It may not be quite as abhorrent as his film, but ‘comedian’ Leigh Francis’s latest use of his perma-tanned, insultingly unfunny Keith Lemon character is about as low as TV comedy can go. Spoofing celebrities and other programmes in a frenetic 30 minutes, it tries to invoke the pace and timing of older, similar shows. But Francis/Lemon simply isn’t up to it.
He appeals to the same tabloid sensibilities that got him where he is today, picking off the easy targets and never going beyond tasteless parody. There is nothing but the low-brow; a ridiculous Embarrassing Bodies sketch turns immediately into an attack on Harry Styles’ penchant for older women, which leads to an uninventive David Dickinson impression. I was surprised that Jeremy Kyle didn’t make an appearance. Every sketch is weighed down by its own sordid humour. The very first one I saw had Dr Christian eating a carrot out of someone’s behind to cure him of his deformity.
One sketch that has picked up particular attention online is the Kardashian/Big Fat Gypsy crossover. It’s a cheap shot, killing two sluggish, overweight birds with one enormous stone, and it isn’t even funny. The actors appear as if they were a group of friends who had decided to go to a bop dressed as the Kardashians, with tight black dresses stuffed with clothes and minimal effort put into hair and makeup.
It looks like, and it surely is, some mates having a bit of fun lampooning the rich and famous. Which is fair enough, but do it in the pub, not on my TV.
I didn’t laugh once. But there is something that annoyed me even more. Keith Lemon is a character who has many fans, even though he is an offensive and loathsome personality. But he doesn’t appear in most of the sketches – Leigh Francis does. The name is there to catch the eye and draw in a crowd, but Francis is singularly unable to justify it. Yes, he hosted the Great British Piss Up segment (which was a good idea, poorly executed), and a cartoon of him dropped onto a stage in the transitions, but otherwise, it has nothing to do with him.
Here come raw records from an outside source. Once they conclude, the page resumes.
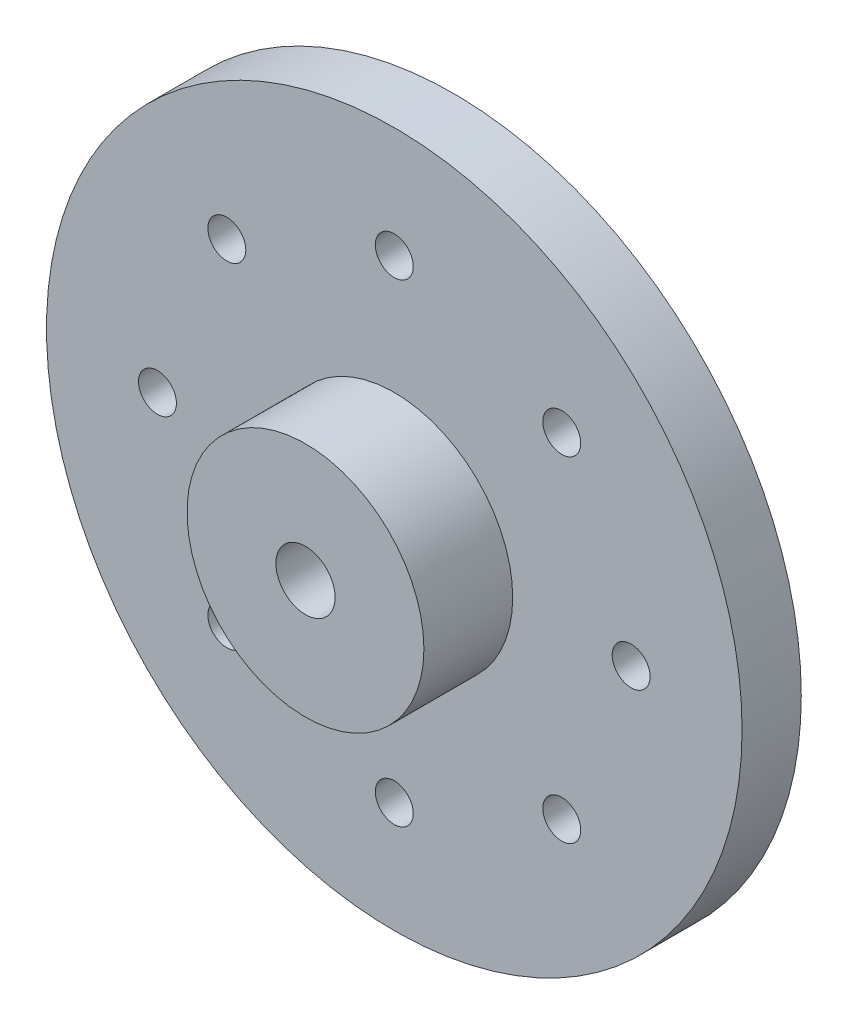
ISO-10303-21;
HEADER;
FILE_DESCRIPTION(('STEP AP214'),'2;1');
FILE_NAME('part.step','',(''),(''),'','','');
FILE_SCHEMA(('AUTOMOTIVE_DESIGN { 1 0 10303 214 1 1 1 1 }'));
ENDSEC;
DATA;
#1=APPLICATION_CONTEXT('core data for automotive mechanical design processes');
#2=APPLICATION_PROTOCOL_DEFINITION('international standard','automotive_design',2000,#1);
#3=PRODUCT_CONTEXT('',#1,'mechanical');
#4=PRODUCT('Part','Part','',(#3));
#5=PRODUCT_RELATED_PRODUCT_CATEGORY('part','',(#4));
#6=PRODUCT_DEFINITION_FORMATION('','',#4);
#7=PRODUCT_DEFINITION_CONTEXT('part definition',#1,'design');
#8=PRODUCT_DEFINITION('design','',#6,#7);
#9=PRODUCT_DEFINITION_SHAPE('','',#8);
#10=(LENGTH_UNIT() NAMED_UNIT(*) SI_UNIT(.MILLI.,.METRE.));
#11=(NAMED_UNIT(*) PLANE_ANGLE_UNIT() SI_UNIT($,.RADIAN.));
#12=(NAMED_UNIT(*) SI_UNIT($,.STERADIAN.) SOLID_ANGLE_UNIT());
#13=UNCERTAINTY_MEASURE_WITH_UNIT(LENGTH_MEASURE(1.E-05),#10,'distance_accuracy_value','');
#14=(GEOMETRIC_REPRESENTATION_CONTEXT(3) GLOBAL_UNCERTAINTY_ASSIGNED_CONTEXT((#13)) GLOBAL_UNIT_ASSIGNED_CONTEXT((#10,
#11,#12)) REPRESENTATION_CONTEXT('',''));
#15=CARTESIAN_POINT('',(0.,0.,0.));
#16=DIRECTION('',(0.,0.,1.));
#17=DIRECTION('',(1.,0.,0.));
#18=AXIS2_PLACEMENT_3D('',#15,#16,#17);
#19=CARTESIAN_POINT('',(0.,0.,0.));
#20=DIRECTION('',(0.,0.,1.));
#21=DIRECTION('',(1.,0.,0.));
#22=AXIS2_PLACEMENT_3D('',#19,#20,#21);
#23=PLANE('',#22);
#24=CARTESIAN_POINT('',(-5.65685424949228,5.65685424949214,0.));
#25=DIRECTION('',(0.,0.,1.));
#26=DIRECTION('',(1.,0.,0.));
#27=AXIS2_PLACEMENT_3D('',#24,#25,#26);
#28=CIRCLE('',#27,0.640765971643295);
#29=CARTESIAN_POINT('',(-5.01608827784899,5.65685424949214,0.));
#30=VERTEX_POINT('',#29);
#31=EDGE_CURVE('E96',#30,#30,#28,.T.);
#32=ORIENTED_EDGE('',*,*,#31,.T.);
#33=EDGE_LOOP('',(#32));
#34=FACE_BOUND('',#33,.T.);
#35=CARTESIAN_POINT('',(-7.99999999999966,-3.40601640478901E-13,0.));
#36=DIRECTION('',(0.,0.,1.));
#37=DIRECTION('',(1.,0.,0.));
#38=AXIS2_PLACEMENT_3D('',#35,#36,#37);
#39=CIRCLE('',#38,0.64076597164354);
#40=CARTESIAN_POINT('',(-7.35923402835612,-3.40601640478901E-13,0.));
#41=VERTEX_POINT('',#40);
#42=EDGE_CURVE('E90',#41,#41,#39,.T.);
#43=ORIENTED_EDGE('',*,*,#42,.T.);
#44=EDGE_LOOP('',(#43));
#45=FACE_BOUND('',#44,.T.);
#46=CARTESIAN_POINT('',(-5.6568542494918,-5.65685424949262,0.));
#47=DIRECTION('',(0.,0.,1.));
#48=DIRECTION('',(1.,0.,0.));
#49=AXIS2_PLACEMENT_3D('',#46,#47,#48);
#50=CIRCLE('',#49,0.640765971643727);
#51=CARTESIAN_POINT('',(-5.01608827784807,-5.65685424949262,0.));
#52=VERTEX_POINT('',#51);
#53=EDGE_CURVE('E84',#52,#52,#50,.T.);
#54=ORIENTED_EDGE('',*,*,#53,.T.);
#55=EDGE_LOOP('',(#54));
#56=FACE_BOUND('',#55,.T.);
#57=CARTESIAN_POINT('',(6.79702767299504E-13,-8.,0.));
#58=DIRECTION('',(0.,0.,1.));
#59=DIRECTION('',(1.,0.,0.));
#60=AXIS2_PLACEMENT_3D('',#57,#58,#59);
#61=CIRCLE('',#60,0.640765971643739);
#62=CARTESIAN_POINT('',(0.640765971644419,-8.,0.));
#63=VERTEX_POINT('',#62);
#64=EDGE_CURVE('E78',#63,#63,#61,.T.);
#65=ORIENTED_EDGE('',*,*,#64,.T.);
#66=EDGE_LOOP('',(#65));
#67=FACE_BOUND('',#66,.T.);
#68=CARTESIAN_POINT('',(5.65685424949296,-5.65685424949214,0.));
#69=DIRECTION('',(0.,0.,1.));
#70=DIRECTION('',(1.,0.,0.));
#71=AXIS2_PLACEMENT_3D('',#68,#69,#70);
#72=CIRCLE('',#71,0.64076597164356);
#73=CARTESIAN_POINT('',(6.29762022113652,-5.65685424949214,0.));
#74=VERTEX_POINT('',#73);
#75=EDGE_CURVE('E72',#74,#74,#72,.T.);
#76=ORIENTED_EDGE('',*,*,#75,.T.);
#77=EDGE_LOOP('',(#76));
#78=FACE_BOUND('',#77,.T.);
#79=CARTESIAN_POINT('',(8.00000000000034,3.39621923039584E-13,0.));
#80=DIRECTION('',(0.,0.,1.));
#81=DIRECTION('',(1.,0.,0.));
#82=AXIS2_PLACEMENT_3D('',#79,#80,#81);
#83=CIRCLE('',#82,0.640765971643287);
#84=CARTESIAN_POINT('',(8.64076597164363,3.39621923039584E-13,0.));
#85=VERTEX_POINT('',#84);
#86=EDGE_CURVE('E66',#85,#85,#83,.T.);
#87=ORIENTED_EDGE('',*,*,#86,.T.);
#88=EDGE_LOOP('',(#87));
#89=FACE_BOUND('',#88,.T.);
#90=CARTESIAN_POINT('',(5.65685424949248,5.65685424949262,0.));
#91=DIRECTION('',(0.,0.,1.));
#92=DIRECTION('',(1.,0.,0.));
#93=AXIS2_PLACEMENT_3D('',#90,#91,#92);
#94=CIRCLE('',#93,0.640765971643074);
#95=CARTESIAN_POINT('',(6.29762022113555,5.65685424949262,0.));
#96=VERTEX_POINT('',#95);
#97=EDGE_CURVE('E60',#96,#96,#94,.T.);
#98=ORIENTED_EDGE('',*,*,#97,.T.);
#99=EDGE_LOOP('',(#98));
#100=FACE_BOUND('',#99,.T.);
#101=CARTESIAN_POINT('',(0.,8.,0.));
#102=DIRECTION('',(0.,0.,1.));
#103=DIRECTION('',(1.,0.,0.));
#104=AXIS2_PLACEMENT_3D('',#101,#102,#103);
#105=CIRCLE('',#104,0.640765971643035);
#106=CARTESIAN_POINT('',(0.640765971643035,8.,0.));
#107=VERTEX_POINT('',#106);
#108=EDGE_CURVE('E54',#107,#107,#105,.T.);
#109=ORIENTED_EDGE('',*,*,#108,.T.);
#110=EDGE_LOOP('',(#109));
#111=FACE_BOUND('',#110,.T.);
#112=CARTESIAN_POINT('',(0.,0.,0.));
#113=DIRECTION('',(0.,0.,1.));
#114=DIRECTION('',(1.,0.,0.));
#115=AXIS2_PLACEMENT_3D('',#112,#113,#114);
#116=CIRCLE('',#115,11.747376146789);
#117=CARTESIAN_POINT('',(11.747376146789,0.,0.));
#118=VERTEX_POINT('',#117);
#119=EDGE_CURVE('E48',#118,#118,#116,.T.);
#120=ORIENTED_EDGE('',*,*,#119,.F.);
#121=EDGE_LOOP('',(#120));
#122=FACE_BOUND('',#121,.T.);
#123=CARTESIAN_POINT('',(0.,0.,0.));
#124=DIRECTION('',(0.,0.,1.));
#125=DIRECTION('',(1.,0.,0.));
#126=AXIS2_PLACEMENT_3D('',#123,#124,#125);
#127=CIRCLE('',#126,4.);
#128=CARTESIAN_POINT('',(4.,0.,0.));
#129=VERTEX_POINT('',#128);
#130=EDGE_CURVE('E41',#129,#129,#127,.F.);
#131=ORIENTED_EDGE('',*,*,#130,.F.);
#132=EDGE_LOOP('',(#131));
#133=FACE_BOUND('',#132,.T.);
#134=ADVANCED_FACE('F30',(#34,#45,#56,#67,#78,#89,#100,#111,#122,#133),#23,.F.);
#135=CARTESIAN_POINT('',(0.,0.,2.));
#136=DIRECTION('',(0.,0.,1.));
#137=DIRECTION('',(1.,0.,0.));
#138=AXIS2_PLACEMENT_3D('',#135,#136,#137);
#139=PLANE('',#138);
#140=CARTESIAN_POINT('',(-5.65685424949228,5.65685424949214,2.));
#141=DIRECTION('',(0.,0.,1.));
#142=DIRECTION('',(1.,0.,0.));
#143=AXIS2_PLACEMENT_3D('',#140,#141,#142);
#144=CIRCLE('',#143,0.640765971643295);
#145=CARTESIAN_POINT('',(-5.01608827784899,5.65685424949214,2.));
#146=VERTEX_POINT('',#145);
#147=EDGE_CURVE('E93',#146,#146,#144,.T.);
#148=ORIENTED_EDGE('',*,*,#147,.F.);
#149=EDGE_LOOP('',(#148));
#150=FACE_BOUND('',#149,.T.);
#151=CARTESIAN_POINT('',(-5.6568542494918,-5.65685424949262,2.));
#152=DIRECTION('',(0.,0.,1.));
#153=DIRECTION('',(1.,0.,0.));
#154=AXIS2_PLACEMENT_3D('',#151,#152,#153);
#155=CIRCLE('',#154,0.640765971643727);
#156=CARTESIAN_POINT('',(-5.01608827784807,-5.65685424949262,2.));
#157=VERTEX_POINT('',#156);
#158=EDGE_CURVE('E81',#157,#157,#155,.T.);
#159=ORIENTED_EDGE('',*,*,#158,.F.);
#160=EDGE_LOOP('',(#159));
#161=FACE_BOUND('',#160,.T.);
#162=CARTESIAN_POINT('',(5.65685424949296,-5.65685424949214,2.));
#163=DIRECTION('',(0.,0.,1.));
#164=DIRECTION('',(1.,0.,0.));
#165=AXIS2_PLACEMENT_3D('',#162,#163,#164);
#166=CIRCLE('',#165,0.64076597164356);
#167=CARTESIAN_POINT('',(6.29762022113652,-5.65685424949214,2.));
#168=VERTEX_POINT('',#167);
#169=EDGE_CURVE('E69',#168,#168,#166,.T.);
#170=ORIENTED_EDGE('',*,*,#169,.F.);
#171=EDGE_LOOP('',(#170));
#172=FACE_BOUND('',#171,.T.);
#173=CARTESIAN_POINT('',(5.65685424949248,5.65685424949262,2.));
#174=DIRECTION('',(0.,0.,1.));
#175=DIRECTION('',(1.,0.,0.));
#176=AXIS2_PLACEMENT_3D('',#173,#174,#175);
#177=CIRCLE('',#176,0.640765971643074);
#178=CARTESIAN_POINT('',(6.29762022113555,5.65685424949262,2.));
#179=VERTEX_POINT('',#178);
#180=EDGE_CURVE('E57',#179,#179,#177,.T.);
#181=ORIENTED_EDGE('',*,*,#180,.F.);
#182=EDGE_LOOP('',(#181));
#183=FACE_BOUND('',#182,.T.);
#184=CARTESIAN_POINT('',(0.,0.,2.));
#185=DIRECTION('',(0.,0.,1.));
#186=DIRECTION('',(1.,0.,0.));
#187=AXIS2_PLACEMENT_3D('',#184,#185,#186);
#188=CIRCLE('',#187,11.747376146789);
#189=CARTESIAN_POINT('',(11.747376146789,0.,2.));
#190=VERTEX_POINT('',#189);
#191=EDGE_CURVE('E45',#190,#190,#188,.T.);
#192=ORIENTED_EDGE('',*,*,#191,.T.);
#193=EDGE_LOOP('',(#192));
#194=FACE_BOUND('',#193,.T.);
#195=CARTESIAN_POINT('',(0.,8.,2.));
#196=DIRECTION('',(0.,0.,1.));
#197=DIRECTION('',(1.,0.,0.));
#198=AXIS2_PLACEMENT_3D('',#195,#196,#197);
#199=CIRCLE('',#198,0.640765971643035);
#200=CARTESIAN_POINT('',(0.640765971643035,8.,2.));
#201=VERTEX_POINT('',#200);
#202=EDGE_CURVE('E51',#201,#201,#199,.T.);
#203=ORIENTED_EDGE('',*,*,#202,.F.);
#204=EDGE_LOOP('',(#203));
#205=FACE_BOUND('',#204,.T.);
#206=CARTESIAN_POINT('',(8.00000000000034,3.39621923039584E-13,2.));
#207=DIRECTION('',(0.,0.,1.));
#208=DIRECTION('',(1.,0.,0.));
#209=AXIS2_PLACEMENT_3D('',#206,#207,#208);
#210=CIRCLE('',#209,0.640765971643287);
#211=CARTESIAN_POINT('',(8.64076597164363,3.39621923039584E-13,2.));
#212=VERTEX_POINT('',#211);
#213=EDGE_CURVE('E63',#212,#212,#210,.T.);
#214=ORIENTED_EDGE('',*,*,#213,.F.);
#215=EDGE_LOOP('',(#214));
#216=FACE_BOUND('',#215,.T.);
#217=CARTESIAN_POINT('',(6.79702767299504E-13,-8.,2.));
#218=DIRECTION('',(0.,0.,1.));
#219=DIRECTION('',(1.,0.,0.));
#220=AXIS2_PLACEMENT_3D('',#217,#218,#219);
#221=CIRCLE('',#220,0.640765971643739);
#222=CARTESIAN_POINT('',(0.640765971644419,-8.,2.));
#223=VERTEX_POINT('',#222);
#224=EDGE_CURVE('E75',#223,#223,#221,.T.);
#225=ORIENTED_EDGE('',*,*,#224,.F.);
#226=EDGE_LOOP('',(#225));
#227=FACE_BOUND('',#226,.T.);
#228=CARTESIAN_POINT('',(-7.99999999999966,-3.40601640478901E-13,2.));
#229=DIRECTION('',(0.,0.,1.));
#230=DIRECTION('',(1.,0.,0.));
#231=AXIS2_PLACEMENT_3D('',#228,#229,#230);
#232=CIRCLE('',#231,0.64076597164354);
#233=CARTESIAN_POINT('',(-7.35923402835612,-3.40601640478901E-13,2.));
#234=VERTEX_POINT('',#233);
#235=EDGE_CURVE('E87',#234,#234,#232,.T.);
#236=ORIENTED_EDGE('',*,*,#235,.F.);
#237=EDGE_LOOP('',(#236));
#238=FACE_BOUND('',#237,.T.);
#239=CARTESIAN_POINT('',(0.,0.,2.));
#240=DIRECTION('',(0.,0.,1.));
#241=DIRECTION('',(1.,0.,0.));
#242=AXIS2_PLACEMENT_3D('',#239,#240,#241);
#243=CIRCLE('',#242,4.);
#244=CARTESIAN_POINT('',(4.,0.,2.));
#245=VERTEX_POINT('',#244);
#246=EDGE_CURVE('E105',#245,#245,#243,.T.);
#247=ORIENTED_EDGE('',*,*,#246,.F.);
#248=EDGE_LOOP('',(#247));
#249=FACE_BOUND('',#248,.T.);
#250=ADVANCED_FACE('F136',(#150,#161,#172,#183,#194,#205,#216,#227,#238,#249),#139,.T.);
#251=CARTESIAN_POINT('',(0.,0.,2.));
#252=DIRECTION('',(0.,0.,-1.));
#253=DIRECTION('',(-1.,0.,0.));
#254=AXIS2_PLACEMENT_3D('',#251,#252,#253);
#255=CYLINDRICAL_SURFACE('',#254,11.747376146789);
#256=ORIENTED_EDGE('',*,*,#191,.F.);
#257=EDGE_LOOP('',(#256));
#258=FACE_BOUND('',#257,.T.);
#259=ORIENTED_EDGE('',*,*,#119,.T.);
#260=EDGE_LOOP('',(#259));
#261=FACE_BOUND('',#260,.T.);
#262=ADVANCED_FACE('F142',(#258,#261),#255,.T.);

There might be something to praise, if Francis managed to pull off playing a character, playing other characters. Shakespeare loved that sort of thing. But he can’t, and the name sticks only for publicity purposes.
What we are left with is a series of brainless sketches, all based on what everyone has been saying for the past few years. ‘Isn’t embarrassing bodies perverse and weird?’ ‘Mark Wright is a waste of space.’ ‘Kim Kardashian has a big bum.’ Insightful stuff.
As for the celebrity cameos, I was unsurprised at their calibre. I saw Fearne Cotton and Paddy McGuinness and I heard Bill Oddie.
If we ever want to dissuade aliens from invading Earth, I suggest we beam this drivel into space. They’d leave us well alone, and I wouldn’t blame them.